▼
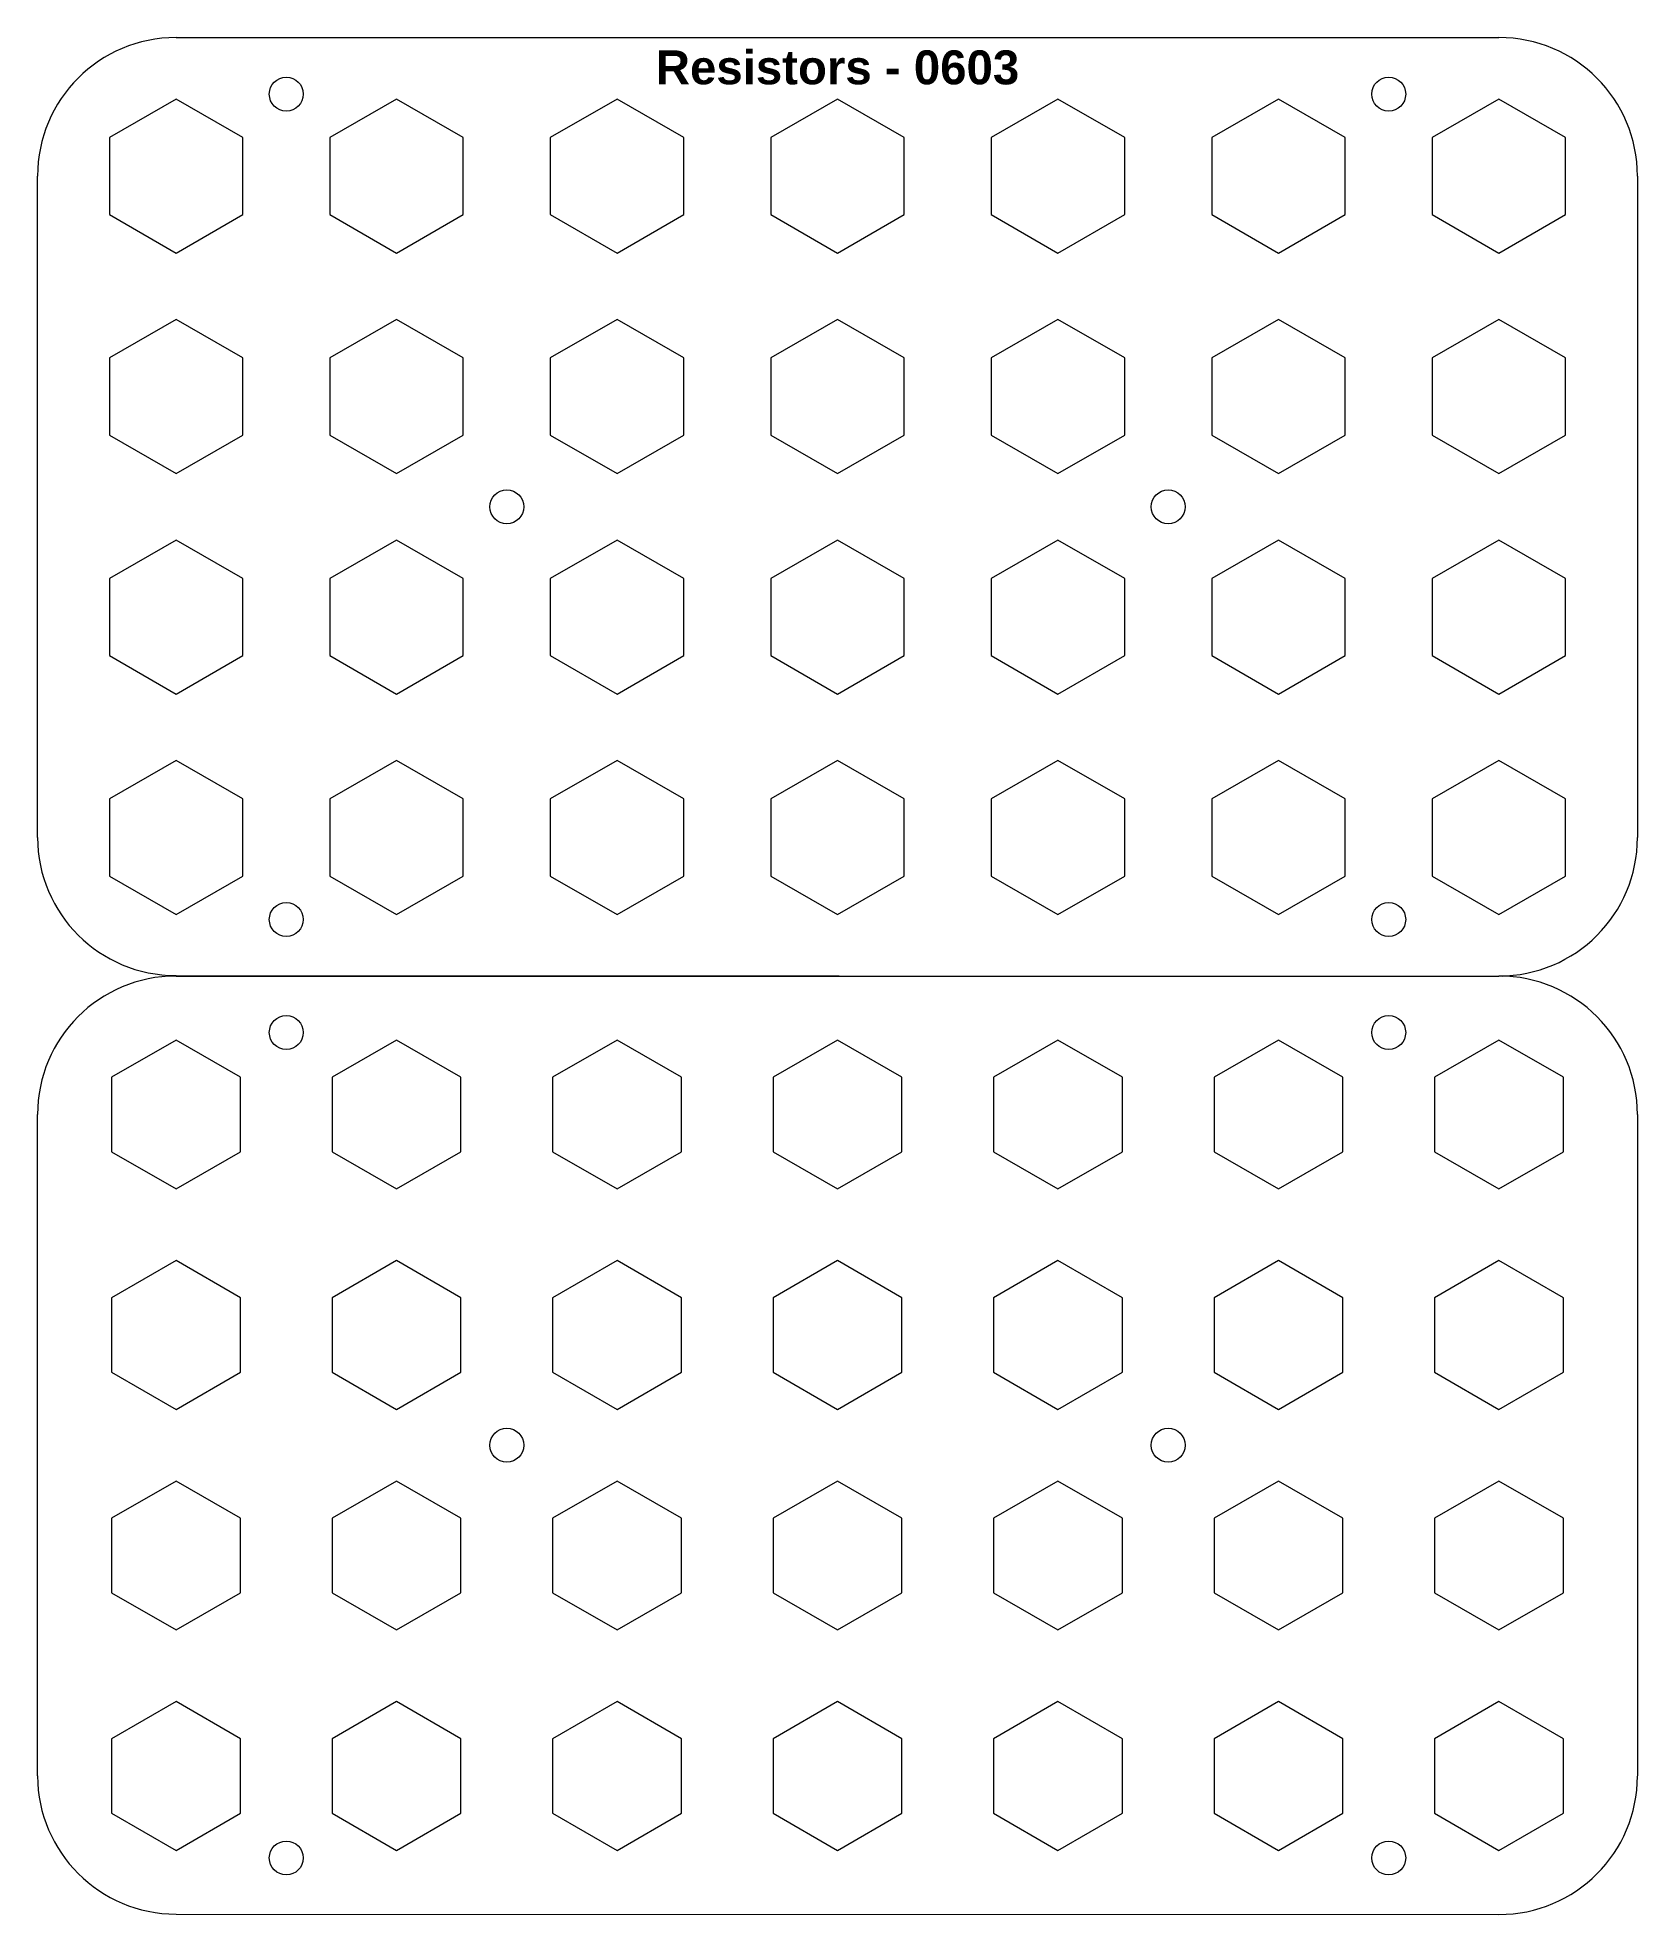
# Model space of a CAD drawing. Header units: millimetres. Extents: x 0 to 142, y 0 to 166.
import ezdxf

# ---------------------------------------------------------------- set-up
doc = ezdxf.new("R2010")
doc.units = ezdxf.units.MM
doc.layers.get('0').update_dxf_attribs({"lineweight": 25, "true_color": 0xffffff})
doc.styles.add('textstyle0', font='')
doc.styles.get('textstyle0').set_extended_font_data('Liberation Sans', bold=True)

msp = doc.modelspace()

# ---------------------------------------------------------------- linework, layer by layer
for p, q in [((12.25, 166), (129.25, 166)), ((12.25, 160.56), (6.35, 157.16)), ((18.15, 157.16), (12.25, 160.56)), ((31.75, 160.56), (25.85, 157.16)), ((37.65, 157.16), (31.75, 160.56)), ((51.25, 160.56), (45.35, 157.16)), ((57.15, 157.16), (51.25, 160.56)), ((70.75, 160.56), (64.85, 157.16)), ((76.65, 157.16), (70.75, 160.56)), ((90.25, 160.56), (84.35, 157.16)), ((96.15, 157.16), (90.25, 160.56)), ((109.75, 160.56), (103.85, 157.16)), ((115.65, 157.16), (109.75, 160.56)), ((129.25, 160.56), (123.35, 157.16)), ((135.15, 157.16), (129.25, 160.56)), ((6.35, 157.16), (6.35, 150.34)), ((18.15, 150.34), (18.15, 157.16)), ((25.85, 157.16), (25.85, 150.34)), ((37.65, 150.34), (37.65, 157.16)), ((45.35, 157.16), (45.35, 150.34)), ((57.15, 150.34), (57.15, 157.16)), ((64.85, 157.16), (64.85, 150.34)), ((76.65, 150.34), (76.65, 157.16)), ((84.35, 157.16), (84.35, 150.34)), ((96.15, 150.34), (96.15, 157.16)), ((103.85, 157.16), (103.85, 150.34)), ((115.65, 150.34), (115.65, 157.16)), ((123.35, 157.16), (123.35, 150.34)), ((135.15, 150.34), (135.15, 157.16)), ((0, 95.25), (0, 153.75)), ((141.5, 153.75), (141.5, 95.25)), ((6.35, 150.34), (12.25, 146.94)), ((12.25, 146.94), (18.15, 150.34)), ((25.85, 150.34), (31.75, 146.94)), ((31.75, 146.94), (37.65, 150.34)), ((45.35, 150.34), (51.25, 146.94)), ((51.25, 146.94), (57.15, 150.34)), ((64.85, 150.34), (70.75, 146.94)), ((70.75, 146.94), (76.65, 150.34)), ((84.35, 150.34), (90.25, 146.94)), ((90.25, 146.94), (96.15, 150.34)), ((103.85, 150.34), (109.75, 146.94)), ((109.75, 146.94), (115.65, 150.34)), ((123.35, 150.34), (129.25, 146.94)), ((129.25, 146.94), (135.15, 150.34)), ((12.25, 141.06), (6.35, 137.66)), ((18.15, 137.66), (12.25, 141.06)), ((31.75, 141.06), (25.85, 137.66)), ((37.65, 137.66), (31.75, 141.06)), ((51.25, 141.06), (45.35, 137.66)), ((57.15, 137.66), (51.25, 141.06)), ((70.75, 141.06), (64.85, 137.66)), ((76.65, 137.66), (70.75, 141.06)), ((90.25, 141.06), (84.35, 137.66)), ((96.15, 137.66), (90.25, 141.06)), ((109.75, 141.06), (103.85, 137.66)), ((115.65, 137.66), (109.75, 141.06)), ((129.25, 141.06), (123.35, 137.66)), ((135.15, 137.66), (129.25, 141.06)), ((6.35, 137.66), (6.35, 130.84)), ((18.15, 130.84), (18.15, 137.66)), ((25.85, 137.66), (25.85, 130.84)), ((37.65, 130.84), (37.65, 137.66)), ((45.35, 137.66), (45.35, 130.84)), ((57.15, 130.84), (57.15, 137.66)), ((64.85, 137.66), (64.85, 130.84)), ((76.65, 130.84), (76.65, 137.66)), ((84.35, 137.66), (84.35, 130.84)), ((96.15, 130.84), (96.15, 137.66)), ((103.85, 137.66), (103.85, 130.84)), ((115.65, 130.84), (115.65, 137.66)), ((123.35, 137.66), (123.35, 130.84)), ((135.15, 130.84), (135.15, 137.66)), ((6.35, 130.84), (12.25, 127.44)), ((12.25, 127.44), (18.15, 130.84)), ((25.85, 130.84), (31.75, 127.44)), ((31.75, 127.44), (37.65, 130.84)), ((45.35, 130.84), (51.25, 127.44)), ((51.25, 127.44), (57.15, 130.84)), ((64.85, 130.84), (70.75, 127.44)), ((70.75, 127.44), (76.65, 130.84)), ((84.35, 130.84), (90.25, 127.44)), ((90.25, 127.44), (96.15, 130.84)), ((103.85, 130.84), (109.75, 127.44)), ((109.75, 127.44), (115.65, 130.84)), ((123.35, 130.84), (129.25, 127.44)), ((129.25, 127.44), (135.15, 130.84)), ((12.25, 121.56), (6.35, 118.16)), ((18.15, 118.16), (12.25, 121.56)), ((31.75, 121.56), (25.85, 118.16)), ((31.75, 121.56), (25.85, 118.16)), ((37.65, 118.16), (31.75, 121.56)), ((37.65, 118.16), (31.75, 121.56)), ((51.25, 121.56), (45.35, 118.16)), ((57.15, 118.16), (51.25, 121.56)), ((70.75, 121.56), (64.85, 118.16)), ((76.65, 118.16), (70.75, 121.56)), ((90.25, 121.56), (84.35, 118.16)), ((96.15, 118.16), (90.25, 121.56)), ((109.75, 121.56), (103.85, 118.16)), ((115.65, 118.16), (109.75, 121.56)), ((129.25, 121.56), (123.35, 118.16)), ((135.15, 118.16), (129.25, 121.56)), ((6.35, 118.16), (6.35, 111.34)), ((18.15, 111.34), (18.15, 118.16)), ((25.85, 118.16), (25.85, 111.34)), ((25.85, 118.16), (25.85, 111.34)), ((37.65, 111.34), (37.65, 118.16)), ((37.65, 111.34), (37.65, 118.16)), ((45.35, 118.16), (45.35, 111.34)), ((57.15, 111.34), (57.15, 118.16)), ((64.85, 118.16), (64.85, 111.34)), ((76.65, 111.34), (76.65, 118.16)), ((84.35, 118.16), (84.35, 111.34)), ((96.15, 111.34), (96.15, 118.16)), ((103.85, 118.16), (103.85, 111.34)), ((115.65, 111.34), (115.65, 118.16)), ((123.35, 118.16), (123.35, 111.34)), ((135.15, 111.34), (135.15, 118.16)), ((6.35, 111.34), (12.25, 107.94)), ((12.25, 107.94), (18.15, 111.34)), ((25.85, 111.34), (31.75, 107.94)), ((25.85, 111.34), (31.75, 107.94)), ((31.75, 107.94), (37.65, 111.34)), ((31.75, 107.94), (37.65, 111.34)), ((45.35, 111.34), (51.25, 107.94)), ((51.25, 107.94), (57.15, 111.34)), ((64.85, 111.34), (70.75, 107.94)), ((70.75, 107.94), (76.65, 111.34)), ((84.35, 111.34), (90.25, 107.94)), ((90.25, 107.94), (96.15, 111.34)), ((103.85, 111.34), (109.75, 107.94)), ((109.75, 107.94), (115.65, 111.34)), ((123.35, 111.34), (129.25, 107.94)), ((129.25, 107.94), (135.15, 111.34)), ((12.25, 102.06), (6.35, 98.66)), ((18.15, 98.66), (12.25, 102.06)), ((31.75, 102.06), (25.85, 98.66)), ((37.65, 98.66), (31.75, 102.06)), ((51.25, 102.06), (45.35, 98.66)), ((57.15, 98.66), (51.25, 102.06)), ((70.75, 102.06), (64.85, 98.66)), ((76.65, 98.66), (70.75, 102.06)), ((90.25, 102.06), (84.35, 98.66)), ((96.15, 98.66), (90.25, 102.06)), ((109.75, 102.06), (103.85, 98.66)), ((115.65, 98.66), (109.75, 102.06)), ((129.25, 102.06), (123.35, 98.66)), ((135.15, 98.66), (129.25, 102.06)), ((6.35, 98.66), (6.35, 91.84)), ((18.15, 91.84), (18.15, 98.66)), ((25.85, 98.66), (25.85, 91.84)), ((37.65, 91.84), (37.65, 98.66)), ((45.35, 98.66), (45.35, 91.84)), ((57.15, 91.84), (57.15, 98.66)), ((64.85, 98.66), (64.85, 91.84)), ((76.65, 91.84), (76.65, 98.66)), ((84.35, 98.66), (84.35, 91.84)), ((96.15, 91.84), (96.15, 98.66)), ((103.85, 98.66), (103.85, 91.84)), ((115.65, 91.84), (115.65, 98.66)), ((123.35, 98.66), (123.35, 91.84)), ((135.15, 91.84), (135.15, 98.66)), ((6.35, 91.84), (12.25, 88.44)), ((12.25, 88.44), (18.15, 91.84)), ((25.85, 91.84), (31.75, 88.44)), ((31.75, 88.44), (37.65, 91.84)), ((45.35, 91.84), (51.25, 88.44)), ((51.25, 88.44), (57.15, 91.84)), ((64.85, 91.84), (70.75, 88.44)), ((70.75, 88.44), (76.65, 91.84)), ((84.35, 91.84), (90.25, 88.44)), ((90.25, 88.44), (96.15, 91.84)), ((103.85, 91.84), (109.75, 88.44)), ((109.75, 88.44), (115.65, 91.84)), ((123.35, 91.84), (129.25, 88.44)), ((129.25, 88.44), (135.15, 91.84)), ((12.25, 83.04), (129.55, 83)), ((12.25, 83), (129.25, 83)), ((12.25, 77.33), (6.55, 74.04)), ((17.95, 74.04), (12.25, 77.33)), ((31.75, 77.33), (26.05, 74.04)), ((37.45, 74.04), (31.75, 77.33)), ((51.25, 77.33), (45.55, 74.04)), ((56.95, 74.04), (51.25, 77.33)), ((70.75, 77.33), (65.05, 74.04)), ((76.45, 74.04), (70.75, 77.33)), ((90.25, 77.33), (84.55, 74.04)), ((95.95, 74.04), (90.25, 77.33)), ((109.75, 77.33), (104.05, 74.04)), ((115.45, 74.04), (109.75, 77.33)), ((129.25, 77.33), (123.55, 74.04)), ((134.95, 74.04), (129.25, 77.33)), ((6.55, 74.04), (6.55, 67.46)), ((17.95, 67.46), (17.95, 74.04)), ((26.05, 74.04), (26.05, 67.46)), ((37.45, 67.46), (37.45, 74.04)), ((45.55, 74.04), (45.55, 67.46)), ((56.95, 67.46), (56.95, 74.04)), ((65.05, 74.04), (65.05, 67.46)), ((76.45, 67.46), (76.45, 74.04)), ((84.55, 74.04), (84.55, 67.46)), ((95.95, 67.46), (95.95, 74.04)), ((104.05, 74.04), (104.05, 67.46)), ((115.45, 67.46), (115.45, 74.04)), ((123.55, 74.04), (123.55, 67.46)), ((134.95, 67.46), (134.95, 74.04)), ((0, 12.25), (0, 70.75)), ((141.5, 70.75), (141.5, 12.25)), ((6.55, 67.46), (12.25, 64.17)), ((12.25, 64.17), (17.95, 67.46)), ((26.05, 67.46), (31.75, 64.17)), ((31.75, 64.17), (37.45, 67.46)), ((45.55, 67.46), (51.25, 64.17)), ((51.25, 64.17), (56.95, 67.46)), ((65.05, 67.46), (70.75, 64.17)), ((70.75, 64.17), (76.45, 67.46)), ((84.55, 67.46), (90.25, 64.17)), ((90.25, 64.17), (95.95, 67.46)), ((104.05, 67.46), (109.75, 64.17)), ((109.75, 64.17), (115.45, 67.46)), ((123.55, 67.46), (129.25, 64.17)), ((129.25, 64.17), (134.95, 67.46)), ((12.25, 57.83), (6.55, 54.54)), ((17.95, 54.54), (12.25, 57.83)), ((31.75, 57.83), (26.05, 54.54)), ((37.45, 54.54), (31.75, 57.83)), ((51.25, 57.83), (45.55, 54.54)), ((56.95, 54.54), (51.25, 57.83)), ((70.75, 57.83), (65.05, 54.54)), ((76.45, 54.54), (70.75, 57.83)), ((90.25, 57.83), (84.55, 54.54)), ((95.95, 54.54), (90.25, 57.83)), ((109.75, 57.83), (104.05, 54.54)), ((115.45, 54.54), (109.75, 57.83)), ((129.25, 57.83), (123.55, 54.54)), ((134.95, 54.54), (129.25, 57.83)), ((6.55, 54.54), (6.55, 47.96)), ((17.95, 47.96), (17.95, 54.54)), ((26.05, 54.54), (26.05, 47.96)), ((37.45, 47.96), (37.45, 54.54)), ((45.55, 54.54), (45.55, 47.96)), ((56.95, 47.96), (56.95, 54.54)), ((65.05, 54.54), (65.05, 47.96)), ((76.45, 47.96), (76.45, 54.54)), ((84.55, 54.54), (84.55, 47.96)), ((95.95, 47.96), (95.95, 54.54)), ((104.05, 54.54), (104.05, 47.96)), ((115.45, 47.96), (115.45, 54.54)), ((123.55, 54.54), (123.55, 47.96)), ((134.95, 47.96), (134.95, 54.54)), ((6.55, 47.96), (12.25, 44.67)), ((12.25, 44.67), (17.95, 47.96)), ((26.05, 47.96), (31.75, 44.67)), ((31.75, 44.67), (37.45, 47.96)), ((45.55, 47.96), (51.25, 44.67)), ((51.25, 44.67), (56.95, 47.96)), ((65.05, 47.96), (70.75, 44.67)), ((70.75, 44.67), (76.45, 47.96)), ((84.55, 47.96), (90.25, 44.67)), ((90.25, 44.67), (95.95, 47.96)), ((104.05, 47.96), (109.75, 44.67)), ((109.75, 44.67), (115.45, 47.96)), ((123.55, 47.96), (129.25, 44.67)), ((129.25, 44.67), (134.95, 47.96)), ((12.25, 38.33), (6.55, 35.04)), ((17.95, 35.04), (12.25, 38.33)), ((31.75, 38.33), (26.05, 35.04)), ((37.45, 35.04), (31.75, 38.33)), ((51.25, 38.33), (45.55, 35.04)), ((56.95, 35.04), (51.25, 38.33)), ((70.75, 38.33), (65.05, 35.04)), ((76.45, 35.04), (70.75, 38.33)), ((90.25, 38.33), (84.55, 35.04)), ((95.95, 35.04), (90.25, 38.33)), ((109.75, 38.33), (104.05, 35.04)), ((115.45, 35.04), (109.75, 38.33)), ((129.25, 38.33), (123.55, 35.04)), ((134.95, 35.04), (129.25, 38.33)), ((6.55, 35.04), (6.55, 28.46)), ((17.95, 28.46), (17.95, 35.04)), ((26.05, 35.04), (26.05, 28.46)), ((37.45, 28.46), (37.45, 35.04)), ((45.55, 35.04), (45.55, 28.46)), ((56.95, 28.46), (56.95, 35.04)), ((65.05, 35.04), (65.05, 28.46)), ((76.45, 28.46), (76.45, 35.04)), ((84.55, 35.04), (84.55, 28.46)), ((95.95, 28.46), (95.95, 35.04)), ((104.05, 35.04), (104.05, 28.46)), ((115.45, 28.46), (115.45, 35.04)), ((123.55, 35.04), (123.55, 28.46)), ((134.95, 28.46), (134.95, 35.04)), ((6.55, 28.46), (12.25, 25.17)), ((12.25, 25.17), (17.95, 28.46)), ((26.05, 28.46), (31.75, 25.17)), ((31.75, 25.17), (37.45, 28.46)), ((45.55, 28.46), (51.25, 25.17)), ((51.25, 25.17), (56.95, 28.46)), ((65.05, 28.46), (70.75, 25.17)), ((70.75, 25.17), (76.45, 28.46)), ((84.55, 28.46), (90.25, 25.17)), ((90.25, 25.17), (95.95, 28.46)), ((104.05, 28.46), (109.75, 25.17)), ((109.75, 25.17), (115.45, 28.46)), ((123.55, 28.46), (129.25, 25.17)), ((129.25, 25.17), (134.95, 28.46)), ((12.25, 18.83), (6.55, 15.54)), ((17.95, 15.54), (12.25, 18.83)), ((31.75, 18.83), (26.05, 15.54)), ((37.45, 15.54), (31.75, 18.83)), ((51.25, 18.83), (45.55, 15.54)), ((56.95, 15.54), (51.25, 18.83)), ((70.75, 18.83), (65.05, 15.54)), ((76.45, 15.54), (70.75, 18.83)), ((90.25, 18.83), (84.55, 15.54)), ((95.95, 15.54), (90.25, 18.83)), ((109.75, 18.83), (104.05, 15.54)), ((115.45, 15.54), (109.75, 18.83)), ((129.25, 18.83), (123.55, 15.54)), ((134.95, 15.54), (129.25, 18.83)), ((6.55, 15.54), (6.55, 8.96)), ((17.95, 8.96), (17.95, 15.54)), ((26.05, 15.54), (26.05, 8.96)), ((37.45, 8.96), (37.45, 15.54)), ((45.55, 15.54), (45.55, 8.96)), ((56.95, 8.96), (56.95, 15.54)), ((65.05, 15.54), (65.05, 8.96)), ((76.45, 8.96), (76.45, 15.54)), ((84.55, 15.54), (84.55, 8.96)), ((95.95, 8.96), (95.95, 15.54)), ((104.05, 15.54), (104.05, 8.96)), ((115.45, 8.96), (115.45, 15.54)), ((123.55, 15.54), (123.55, 8.96)), ((134.95, 8.96), (134.95, 15.54)), ((6.55, 8.96), (12.25, 5.67)), ((12.25, 5.67), (17.95, 8.96)), ((26.05, 8.96), (31.75, 5.67)), ((31.75, 5.67), (37.45, 8.96)), ((45.55, 8.96), (51.25, 5.67)), ((51.25, 5.67), (56.95, 8.96)), ((65.05, 8.96), (70.75, 5.67)), ((70.75, 5.67), (76.45, 8.96)), ((84.55, 8.96), (90.25, 5.67)), ((90.25, 5.67), (95.95, 8.96)), ((104.05, 8.96), (109.75, 5.67)), ((109.75, 5.67), (115.45, 8.96)), ((123.55, 8.96), (129.25, 5.67)), ((129.25, 5.67), (134.95, 8.96)), ((12.25, 0.04), (129.25, 0))]:
    msp.add_line(p, q)
for centre in [(22, 161), (119.5, 161), (41.5, 124.5), (100, 124.5), (22, 88), (119.5, 88), (22, 78), (119.5, 78), (41.5, 41.5), (100, 41.5), (22, 5), (119.5, 5)]:
    msp.add_circle(centre, 1.5)
for centre, start, end in [((12.25, 153.75), 90, 180), ((129.25, 153.75), 0, 90), ((12.25, 95.29), 180.1871, 270.0003), ((129.25, 95.25), 270, 0), ((12.25, 70.75), 90, 180), ((129.25, 70.75), 0, 90), ((12.25, 12.29), 180.1871, 270.0003), ((129.25, 12.25), 270, 359.9823)]:
    msp.add_arc(centre, 12.25, start, end)

# ---------------------------------------------------------------- texts
at = {"insert": (70.75, 163.34), "char_height": 1, "attachment_point": 5, "style": 'textstyle0'}
msp.add_mtext('\\H3;Resistors - 0603', dxfattribs=at)

doc.saveas('drawing.dxf')
▲
What to produce: Filter the data above by the word "styles" and copy every line that matches.

Answer area:
doc.styles.add('textstyle0', font='')
doc.styles.get('textstyle0').set_extended_font_data('Liberation Sans', bold=True)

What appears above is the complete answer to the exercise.